Each piece is indeed shouting from my heart...
About Brenda Mergen
Shouting from My Heart
Singing with Courageous Women
In 1989 I was lucky enough to go on a trip to Guatemala organized specifically for weavers. At the time I had been a productive weaver for 25 years. That trip started me on a long fulfilling journey. It changed my life in many ways: in the colors of my work, in the thinking I do while I am weaving and knitting, in how I see women’s work, in the things I value in life.

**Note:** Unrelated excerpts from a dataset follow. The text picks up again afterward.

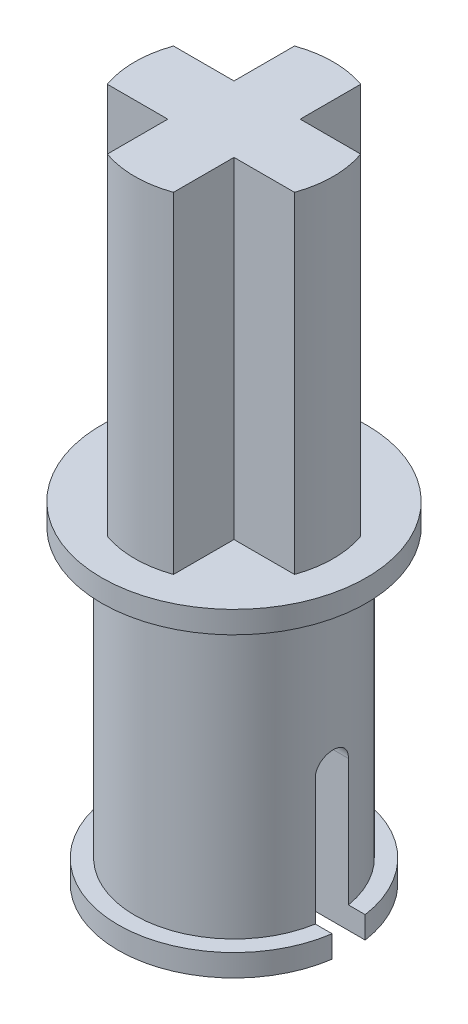
ISO-10303-21;
HEADER;
FILE_DESCRIPTION(('STEP AP214'),'2;1');
FILE_NAME('part.step','',(''),(''),'','','');
FILE_SCHEMA(('AUTOMOTIVE_DESIGN { 1 0 10303 214 1 1 1 1 }'));
ENDSEC;
DATA;
#1=APPLICATION_CONTEXT('core data for automotive mechanical design processes');
#2=APPLICATION_PROTOCOL_DEFINITION('international standard','automotive_design',2000,#1);
#3=PRODUCT_CONTEXT('',#1,'mechanical');
#4=PRODUCT('Part','Part','',(#3));
#5=PRODUCT_RELATED_PRODUCT_CATEGORY('part','',(#4));
#6=PRODUCT_DEFINITION_FORMATION('','',#4);
#7=PRODUCT_DEFINITION_CONTEXT('part definition',#1,'design');
#8=PRODUCT_DEFINITION('design','',#6,#7);
#9=PRODUCT_DEFINITION_SHAPE('','',#8);
#10=(LENGTH_UNIT() NAMED_UNIT(*) SI_UNIT(.MILLI.,.METRE.));
#11=(NAMED_UNIT(*) PLANE_ANGLE_UNIT() SI_UNIT($,.RADIAN.));
#12=(NAMED_UNIT(*) SI_UNIT($,.STERADIAN.) SOLID_ANGLE_UNIT());
#13=UNCERTAINTY_MEASURE_WITH_UNIT(LENGTH_MEASURE(1.E-05),#10,'distance_accuracy_value','');
#14=(GEOMETRIC_REPRESENTATION_CONTEXT(3) GLOBAL_UNCERTAINTY_ASSIGNED_CONTEXT((#13)) GLOBAL_UNIT_ASSIGNED_CONTEXT((#10,
#11,#12)) REPRESENTATION_CONTEXT('',''));
#15=CARTESIAN_POINT('',(0.,0.,0.));
#16=DIRECTION('',(0.,0.,1.));
#17=DIRECTION('',(1.,0.,0.));
#18=AXIS2_PLACEMENT_3D('',#15,#16,#17);
#19=CARTESIAN_POINT('',(0.,5.,0.));
#20=DIRECTION('',(0.,-1.,0.));
#21=DIRECTION('',(0.,0.,-1.));
#22=AXIS2_PLACEMENT_3D('',#19,#20,#21);
#23=CYLINDRICAL_SURFACE('',#22,1.5);
#24=CARTESIAN_POINT('',(0.,4.66666666666667,0.));
#25=DIRECTION('',(0.,1.,0.));
#26=DIRECTION('',(0.,0.,1.));
#27=AXIS2_PLACEMENT_3D('',#24,#25,#26);
#28=CIRCLE('',#27,1.5);
#29=CARTESIAN_POINT('',(0.,4.66666666666667,1.5));
#30=VERTEX_POINT('',#29);
#31=EDGE_CURVE('E418',#30,#30,#28,.T.);
#32=ORIENTED_EDGE('',*,*,#31,.F.);
#33=EDGE_LOOP('',(#32));
#34=FACE_BOUND('',#33,.T.);
#35=DIRECTION('',(0.,-1.,0.));
#36=VECTOR('',#35,1.);
#37=CARTESIAN_POINT('',(1.4790199457749,5.,0.250000000000003));
#38=LINE('',#37,#36);
#39=CARTESIAN_POINT('',(1.4790199457749,2.25,0.250000000000001));
#40=VERTEX_POINT('',#39);
#41=CARTESIAN_POINT('',(1.4790199457749,0.333333333333333,0.25));
#42=VERTEX_POINT('',#41);
#43=EDGE_CURVE('E342',#40,#42,#38,.T.);
#44=ORIENTED_EDGE('',*,*,#43,.F.);
#45=CARTESIAN_POINT('',(1.4790199457749,2.25,0.250000000000001));
#46=CARTESIAN_POINT('',(1.47901221872577,2.26396095683245,0.250012402551534));
#47=CARTESIAN_POINT('',(1.47921741048472,2.27791611938485,0.248831345018213));
#48=CARTESIAN_POINT('',(1.47999587227818,2.30541016199332,0.244176500369213));
#49=CARTESIAN_POINT('',(1.48056865919225,2.31894956403438,0.240705722404357));
#50=CARTESIAN_POINT('',(1.48202499235243,2.34524892864396,0.231564174181125));
#51=CARTESIAN_POINT('',(1.48290860685375,2.35800871929328,0.225892920688047));
#52=CARTESIAN_POINT('',(1.48488428816452,2.38239648919483,0.212519368982266));
#53=CARTESIAN_POINT('',(1.48597635768617,2.39402445371803,0.204817044343013));
#54=CARTESIAN_POINT('',(1.4882583756911,2.41593080757023,0.187519228628307));
#55=CARTESIAN_POINT('',(1.48944909400201,2.42619655698689,0.177907829040405));
#56=CARTESIAN_POINT('',(1.491787383604,2.44497851689128,0.157098237376144));
#57=CARTESIAN_POINT('',(1.49293494825854,2.45349445917116,0.145899802485204));
#58=CARTESIAN_POINT('',(1.49506576447851,2.46858167581452,0.122151951774289));
#59=CARTESIAN_POINT('',(1.49604799754859,2.47514107555226,0.109594892662244));
#60=CARTESIAN_POINT('',(1.49772877775239,2.4860523548294,0.0835387910448557));
#61=CARTESIAN_POINT('',(1.49842735944605,2.49040450331528,0.0700398635312756));
#62=CARTESIAN_POINT('',(1.49945672837495,2.49673921602822,0.0426145358003457));
#63=CARTESIAN_POINT('',(1.49979084515831,2.49874324410422,0.0286932203419586));
#64=CARTESIAN_POINT('',(1.50006508076469,2.50039158366326,0.000707863169417902));
#65=CARTESIAN_POINT('',(1.50000521702303,2.50003599956928,-0.0133561722012632));
#66=CARTESIAN_POINT('',(1.49950085758421,2.49699186011671,-0.0410802628902763));
#67=CARTESIAN_POINT('',(1.49906018069639,2.49432646686981,-0.0547429408470389));
#68=CARTESIAN_POINT('',(1.49784797400948,2.48677486104158,-0.0814242809166844));
#69=CARTESIAN_POINT('',(1.49707643624335,2.48188859498202,-0.0944429275130362));
#70=CARTESIAN_POINT('',(1.49528268120945,2.4700108264475,-0.119535849696669));
#71=CARTESIAN_POINT('',(1.49425932707671,2.46300974272845,-0.13160550541869));
#72=CARTESIAN_POINT('',(1.49207569682498,2.44710838032663,-0.154406950855712));
#73=CARTESIAN_POINT('',(1.49091541471556,2.43820801853899,-0.165138681995881));
#74=CARTESIAN_POINT('',(1.48857042314863,2.41863349651485,-0.185095754958703));
#75=CARTESIAN_POINT('',(1.48738558768296,2.40793931445142,-0.194301454502454));
#76=CARTESIAN_POINT('',(1.48513828313712,2.38514456844212,-0.210793395600476));
#77=CARTESIAN_POINT('',(1.48407584899365,2.37304360493252,-0.218079089892692));
#78=CARTESIAN_POINT('',(1.48219297916677,2.34775214208037,-0.230529023100573));
#79=CARTESIAN_POINT('',(1.48137295536583,2.33455983653606,-0.235689657078122));
#80=CARTESIAN_POINT('',(1.48007591486501,2.3074944232718,-0.243706410032311));
#81=CARTESIAN_POINT('',(1.47959838545312,2.29362236653597,-0.246565974481917));
#82=CARTESIAN_POINT('',(1.47911853225327,2.26978500932565,-0.249414284585125));
#83=CARTESIAN_POINT('',(1.47901686648485,2.25989054232892,-0.250005433378814));
#84=CARTESIAN_POINT('',(1.47901994577491,2.25,-0.25));
#85=B_SPLINE_CURVE_WITH_KNOTS('',3,(#45,#46,#47,#48,#49,#50,#51,#52,#53,#54,#55,#56,#57,#58,#59,
#60,#61,#62,#63,#64,#65,#66,#67,#68,#69,#70,#71,#72,#73,#74,#75,#76,#77,#78,#79,#80,#81,#82,#83,
#84),.UNSPECIFIED.,.F.,.F.,(4,2,2,2,2,2,2,2,2,2,2,2,2,2,2,2,2,2,2,4),(0.,0.0418228026426395,
0.083590750953894,0.125367876897847,0.167145546436639,0.209287179345357,0.251435266850383,
0.293834184215328,0.336227934166392,0.378231068338879,0.420232343704392,0.461817252795841,
0.503403163297524,0.54518038008816,0.586959425258929,0.629240298269244,0.671533209659102,
0.71389757379739,0.756198385617119,0.785863044728452),.UNSPECIFIED.);
#86=CARTESIAN_POINT('',(1.4790199457749,2.25,-0.25));
#87=VERTEX_POINT('',#86);
#88=EDGE_CURVE('E350',#40,#87,#85,.T.);
#89=ORIENTED_EDGE('',*,*,#88,.T.);
#90=DIRECTION('',(0.,-1.,0.));
#91=VECTOR('',#90,1.);
#92=CARTESIAN_POINT('',(1.4790199457749,5.,-0.25));
#93=LINE('',#92,#91);
#94=CARTESIAN_POINT('',(1.4790199457749,0.333333333333333,-0.25));
#95=VERTEX_POINT('',#94);
#96=EDGE_CURVE('E322',#87,#95,#93,.T.);
#97=ORIENTED_EDGE('',*,*,#96,.T.);
#98=CARTESIAN_POINT('',(0.,0.333333333333333,0.));
#99=DIRECTION('',(0.,-1.,0.));
#100=DIRECTION('',(0.,0.,-1.));
#101=AXIS2_PLACEMENT_3D('',#98,#99,#100);
#102=CIRCLE('',#101,1.5);
#103=CARTESIAN_POINT('',(-1.4790199457749,0.333333333333333,-0.25));
#104=VERTEX_POINT('',#103);
#105=EDGE_CURVE('E443',#104,#95,#102,.T.);
#106=ORIENTED_EDGE('',*,*,#105,.F.);
#107=DIRECTION('',(0.,-1.,0.));
#108=VECTOR('',#107,1.);
#109=CARTESIAN_POINT('',(-1.4790199457749,5.,-0.25));
#110=LINE('',#109,#108);
#111=CARTESIAN_POINT('',(-1.4790199457749,2.25,-0.25));
#112=VERTEX_POINT('',#111);
#113=EDGE_CURVE('E316',#104,#112,#110,.F.);
#114=ORIENTED_EDGE('',*,*,#113,.T.);
#115=CARTESIAN_POINT('',(-1.4790199457749,2.25,-0.25));
#116=CARTESIAN_POINT('',(-1.47901221872577,2.26396095683244,-0.250012402551532));
#117=CARTESIAN_POINT('',(-1.47921741048472,2.27791611938485,-0.248831345018212));
#118=CARTESIAN_POINT('',(-1.47999587227818,2.30541016199332,-0.244176500369212));
#119=CARTESIAN_POINT('',(-1.48056865919225,2.31894956403438,-0.240705722404356));
#120=CARTESIAN_POINT('',(-1.48202499235243,2.34524892864396,-0.231564174181124));
#121=CARTESIAN_POINT('',(-1.48290860685375,2.35800871929328,-0.225892920688045));
#122=CARTESIAN_POINT('',(-1.48488428816452,2.38239648919483,-0.212519368982264));
#123=CARTESIAN_POINT('',(-1.48597635768617,2.39402445371803,-0.204817044343012));
#124=CARTESIAN_POINT('',(-1.4882583756911,2.41593080757023,-0.187519228628305));
#125=CARTESIAN_POINT('',(-1.48944909400201,2.42619655698689,-0.177907829040403));
#126=CARTESIAN_POINT('',(-1.491787383604,2.44497851689128,-0.157098237376143));
#127=CARTESIAN_POINT('',(-1.49293494825854,2.45349445917116,-0.145899802485202));
#128=CARTESIAN_POINT('',(-1.49506576447851,2.46858167581452,-0.122151951774287));
#129=CARTESIAN_POINT('',(-1.49604799754859,2.47514107555226,-0.109594892662243));
#130=CARTESIAN_POINT('',(-1.49772877775239,2.4860523548294,-0.0835387910448543));
#131=CARTESIAN_POINT('',(-1.49842735944605,2.49040450331528,-0.0700398635312742));
#132=CARTESIAN_POINT('',(-1.49945672837495,2.49673921602822,-0.0426145358003443));
#133=CARTESIAN_POINT('',(-1.49979084515831,2.49874324410422,-0.0286932203419571));
#134=CARTESIAN_POINT('',(-1.50006508076469,2.50039158366326,-0.000707863169416467));
#135=CARTESIAN_POINT('',(-1.50000521702303,2.50003599956928,0.0133561722012646));
#136=CARTESIAN_POINT('',(-1.49950085758421,2.49699186011671,0.0410802628902777));
#137=CARTESIAN_POINT('',(-1.49906018069639,2.49432646686981,0.0547429408470403));
#138=CARTESIAN_POINT('',(-1.49784797400948,2.48677486104158,0.0814242809166857));
#139=CARTESIAN_POINT('',(-1.49707643624335,2.48188859498202,0.0944429275130376));
#140=CARTESIAN_POINT('',(-1.49528268120945,2.4700108264475,0.11953584969667));
#141=CARTESIAN_POINT('',(-1.49425932707671,2.46300974272845,0.131605505418692));
#142=CARTESIAN_POINT('',(-1.49207569682498,2.44710838032663,0.154406950855713));
#143=CARTESIAN_POINT('',(-1.49091541471556,2.43820801853899,0.165138681995883));
#144=CARTESIAN_POINT('',(-1.48857042314863,2.41863349651485,0.185095754958704));
#145=CARTESIAN_POINT('',(-1.48738558768296,2.40793931445142,0.194301454502455));
#146=CARTESIAN_POINT('',(-1.48513828313712,2.38514456844212,0.210793395600477));
#147=CARTESIAN_POINT('',(-1.48407584899365,2.37304360493252,0.218079089892694));
#148=CARTESIAN_POINT('',(-1.48219297916677,2.34775214208037,0.230529023100574));
#149=CARTESIAN_POINT('',(-1.48137295536583,2.33455983653606,0.235689657078123));
#150=CARTESIAN_POINT('',(-1.48007591486501,2.3074944232718,0.243706410032312));
#151=CARTESIAN_POINT('',(-1.47959838545312,2.29362236653597,0.246565974481918));
#152=CARTESIAN_POINT('',(-1.47911853225327,2.26978500932565,0.249414284585126));
#153=CARTESIAN_POINT('',(-1.47901686648485,2.25989054232892,0.250005433378815));
#154=CARTESIAN_POINT('',(-1.47901994577491,2.25,0.250000000000002));
#155=B_SPLINE_CURVE_WITH_KNOTS('',3,(#115,#116,#117,#118,#119,#120,#121,#122,#123,#124,#125,
#126,#127,#128,#129,#130,#131,#132,#133,#134,#135,#136,#137,#138,#139,#140,#141,#142,#143,#144,
#145,#146,#147,#148,#149,#150,#151,#152,#153,#154),.UNSPECIFIED.,.F.,.F.,(4,2,2,2,2,2,2,2,2,2,2,
2,2,2,2,2,2,2,2,4),(0.,0.0418228026426391,0.083590750953894,0.125367876897847,0.167145546436639,
0.209287179345357,0.251435266850383,0.293834184215328,0.336227934166392,0.378231068338879,
0.420232343704392,0.461817252795841,0.503403163297524,0.54518038008816,0.586959425258928,
0.629240298269243,0.671533209659102,0.71389757379739,0.756198385617119,0.785863044728452),.UNSPECIFIED.);
#156=CARTESIAN_POINT('',(-1.4790199457749,2.25,0.250000000000001));
#157=VERTEX_POINT('',#156);
#158=EDGE_CURVE('E344',#112,#157,#155,.T.);
#159=ORIENTED_EDGE('',*,*,#158,.T.);
#160=DIRECTION('',(0.,-1.,0.));
#161=VECTOR('',#160,1.);
#162=CARTESIAN_POINT('',(-1.4790199457749,5.,0.250000000000003));
#163=LINE('',#162,#161);
#164=CARTESIAN_POINT('',(-1.4790199457749,0.333333333333333,0.25));
#165=VERTEX_POINT('',#164);
#166=EDGE_CURVE('E336',#165,#157,#163,.F.);
#167=ORIENTED_EDGE('',*,*,#166,.F.);
#168=EDGE_CURVE('E424',#42,#165,#102,.T.);
#169=ORIENTED_EDGE('',*,*,#168,.F.);
#170=EDGE_LOOP('',(#44,#89,#97,#106,#114,#159,#167,#169));
#171=FACE_BOUND('',#170,.T.);
#172=ADVANCED_FACE('F35',(#34,#171),#23,.T.);
#173=CARTESIAN_POINT('',(0.,0.333333333333333,0.));
#174=DIRECTION('',(0.,-1.,0.));
#175=DIRECTION('',(0.,0.,-1.));
#176=AXIS2_PLACEMENT_3D('',#173,#174,#175);
#177=PLANE('',#176);
#178=DIRECTION('',(1.,0.,0.));
#179=VECTOR('',#178,1.);
#180=CARTESIAN_POINT('',(0.,0.333333333333333,0.25));
#181=LINE('',#180,#179);
#182=CARTESIAN_POINT('',(-1.73205080756888,0.333333333333333,0.25));
#183=VERTEX_POINT('',#182);
#184=EDGE_CURVE('E334',#183,#165,#181,.T.);
#185=ORIENTED_EDGE('',*,*,#184,.F.);
#186=CARTESIAN_POINT('',(0.,0.333333333333333,0.));
#187=DIRECTION('',(0.,-1.,0.));
#188=DIRECTION('',(0.,0.,-1.));
#189=AXIS2_PLACEMENT_3D('',#186,#187,#188);
#190=CIRCLE('',#189,1.75);
#191=CARTESIAN_POINT('',(1.73205080756888,0.333333333333333,0.25));
#192=VERTEX_POINT('',#191);
#193=EDGE_CURVE('E431',#192,#183,#190,.T.);
#194=ORIENTED_EDGE('',*,*,#193,.F.);
#195=EDGE_CURVE('E337',#42,#192,#181,.T.);
#196=ORIENTED_EDGE('',*,*,#195,.F.);
#197=ORIENTED_EDGE('',*,*,#168,.T.);
#198=EDGE_LOOP('',(#185,#194,#196,#197));
#199=FACE_BOUND('',#198,.T.);
#200=ADVANCED_FACE('F408',(#199),#177,.F.);
#201=CARTESIAN_POINT('',(0.,0.333333333333333,0.));
#202=DIRECTION('',(0.,-1.,0.));
#203=DIRECTION('',(0.,0.,-1.));
#204=AXIS2_PLACEMENT_3D('',#201,#202,#203);
#205=CYLINDRICAL_SURFACE('',#204,1.75);
#206=CARTESIAN_POINT('',(0.,0.,0.));
#207=DIRECTION('',(0.,-1.,0.));
#208=DIRECTION('',(0.,0.,-1.));
#209=AXIS2_PLACEMENT_3D('',#206,#207,#208);
#210=CIRCLE('',#209,1.75);
#211=CARTESIAN_POINT('',(1.73205080756888,0.,0.25));
#212=VERTEX_POINT('',#211);
#213=CARTESIAN_POINT('',(-1.73205080756888,0.,0.25));
#214=VERTEX_POINT('',#213);
#215=EDGE_CURVE('E439',#212,#214,#210,.T.);
#216=ORIENTED_EDGE('',*,*,#215,.F.);
#217=DIRECTION('',(0.,-1.,0.));
#218=VECTOR('',#217,1.);
#219=CARTESIAN_POINT('',(1.73205080756888,0.333333333333333,0.25));
#220=LINE('',#219,#218);
#221=EDGE_CURVE('E339',#212,#192,#220,.F.);
#222=ORIENTED_EDGE('',*,*,#221,.T.);
#223=ORIENTED_EDGE('',*,*,#193,.T.);
#224=DIRECTION('',(0.,-1.,0.));
#225=VECTOR('',#224,1.);
#226=CARTESIAN_POINT('',(-1.73205080756888,0.333333333333333,0.25));
#227=LINE('',#226,#225);
#228=EDGE_CURVE('E331',#183,#214,#227,.T.);
#229=ORIENTED_EDGE('',*,*,#228,.T.);
#230=EDGE_LOOP('',(#216,#222,#223,#229));
#231=FACE_BOUND('',#230,.T.);
#232=ADVANCED_FACE('F382',(#231),#205,.T.);
#233=CARTESIAN_POINT('',(0.,5.,0.));
#234=DIRECTION('',(0.,-1.,0.));
#235=DIRECTION('',(0.,0.,-1.));
#236=AXIS2_PLACEMENT_3D('',#233,#234,#235);
#237=CYLINDRICAL_SURFACE('',#236,1.);
#238=CARTESIAN_POINT('',(0.,4.66666666666667,0.));
#239=DIRECTION('',(0.,1.,0.));
#240=DIRECTION('',(0.,0.,1.));
#241=AXIS2_PLACEMENT_3D('',#238,#239,#240);
#242=CIRCLE('',#241,1.);
#243=CARTESIAN_POINT('',(0.,4.66666666666667,1.));
#244=VERTEX_POINT('',#243);
#245=EDGE_CURVE('E447',#244,#244,#242,.T.);
#246=ORIENTED_EDGE('',*,*,#245,.T.);
#247=EDGE_LOOP('',(#246));
#248=FACE_BOUND('',#247,.T.);
#249=CARTESIAN_POINT('',(0.968245836551854,2.25,0.250000000000001));
#250=CARTESIAN_POINT('',(0.968234049545617,2.26383070607813,0.250012953215812));
#251=CARTESIAN_POINT('',(0.968541877962347,2.27765275214075,0.248853161388951));
#252=CARTESIAN_POINT('',(0.969707324249105,2.30486994361927,0.244289832798707));
#253=CARTESIAN_POINT('',(0.970563824163099,2.31826589909795,0.240890858126017));
#254=CARTESIAN_POINT('',(0.9727377402555,2.344279386634,0.231950584629504));
#255=CARTESIAN_POINT('',(0.974055113119327,2.35689699171264,0.226409487125331));
#256=CARTESIAN_POINT('',(0.976998055593671,2.38102834005615,0.213353558724009));
#257=CARTESIAN_POINT('',(0.978623707814904,2.39254178618752,0.205838198568215));
#258=CARTESIAN_POINT('',(0.982040595501114,2.41438583871804,0.18887119674902));
#259=CARTESIAN_POINT('',(0.983834461354369,2.42468868623804,0.17938433831947));
#260=CARTESIAN_POINT('',(0.987362777210994,2.44357555769966,0.158818924002211));
#261=CARTESIAN_POINT('',(0.989097217680292,2.45215930689364,0.147740114172738));
#262=CARTESIAN_POINT('',(0.992340451273177,2.46747774074516,0.124114230626838));
#263=CARTESIAN_POINT('',(0.993845760516911,2.47418497140975,0.111548836630203));
#264=CARTESIAN_POINT('',(0.996430866813653,2.48538118613491,0.0854256461644529));
#265=CARTESIAN_POINT('',(0.997510747601812,2.48987060676118,0.0718680456103894));
#266=CARTESIAN_POINT('',(0.999104749704138,2.49641474752203,0.0444360275333476));
#267=CARTESIAN_POINT('',(0.999629882170623,2.4985169179257,0.030573580608359));
#268=CARTESIAN_POINT('',(1.00009359545966,2.50037584306581,0.00268319381279078));
#269=CARTESIAN_POINT('',(1.00003225000546,2.50013289259581,-0.0113447250357131));
#270=CARTESIAN_POINT('',(0.999338093392974,2.49734250903197,-0.0388381232151192));
#271=CARTESIAN_POINT('',(0.99871799668788,2.49484634583761,-0.0523091754274905));
#272=CARTESIAN_POINT('',(0.996990826596762,2.48770283021684,-0.0786346777785571));
#273=CARTESIAN_POINT('',(0.995883731664611,2.48305538261128,-0.0914891006079816));
#274=CARTESIAN_POINT('',(0.993287494403769,2.47169967982888,-0.116351821504131));
#275=CARTESIAN_POINT('',(0.991794984571589,2.46497315144064,-0.128351407400121));
#276=CARTESIAN_POINT('',(0.988589863852097,2.44966421754278,-0.151069157807944));
#277=CARTESIAN_POINT('',(0.986877219821464,2.44108153243782,-0.161787128890331));
#278=CARTESIAN_POINT('',(0.983363915069006,2.42203027197852,-0.181942347427369));
#279=CARTESIAN_POINT('',(0.981562126239374,2.41151709086156,-0.191337275764997));
#280=CARTESIAN_POINT('',(0.978115420664843,2.38904253327155,-0.208242393795092));
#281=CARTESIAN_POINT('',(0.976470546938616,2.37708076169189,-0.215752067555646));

In Guatemala and many other countries I have visited, the women weave their cloth using sticks, squatting in the hot, blinding sun while tied to a tree by their back strap loom. They have worked hard to raise the animals that give them wool and tend the fields that give them cotton. They must spin and dye the yarns before they begin the tedious task of weaving. Recently in Bolivia, way off in the distance, we often saw a woman herding her llamas with a baby on her back and a toddler at her side. She had already walked many miles to find pasture for her animals. As she walked she was probably spinning the wool with a drop spindle. This is a far cry from the large looms I work on in the comfort and safety of my home studio, using yarns I purchase. These women wake everyday and have the courage to face the hardships of their lives. They also weave the stories of their people into their cloths, a way to pass their history on to children and grandchildren. They have both the skill and the courage to pass on these traditions and beliefs to the next generation yet learning to read and write is still out of reach for many.
Since that Guatemala trip, I have collected fabrics during visits to other countries. Years have passed while I studied and appreciated these amazing cloths. I am captivated by their honest color, by their patterns, and by the lives that produce these images. Only recently have I been able to use these wonderful fabrics, woven and stitched with such skill and courage. Some I will never be able to use and must leave them as they were created.
This exhibit has taken great courage on my part as well. I much prefer the creating process over the presentation. It took courage just to begin this project: to combine the careful work of other women with my own, to combine their colors with mine and to consider their culture with my own.
Here I have taken pieces of other women’s work and used it with my own hand-woven fabrics. My hope is that these garments will be worn by other courageous women, passing on small bits of meaning to those who see and touch this work. Each piece is indeed shouting from my heart to the women whose courageous path in life and whose wonderful woven cloth will continue to inspire my own life and work.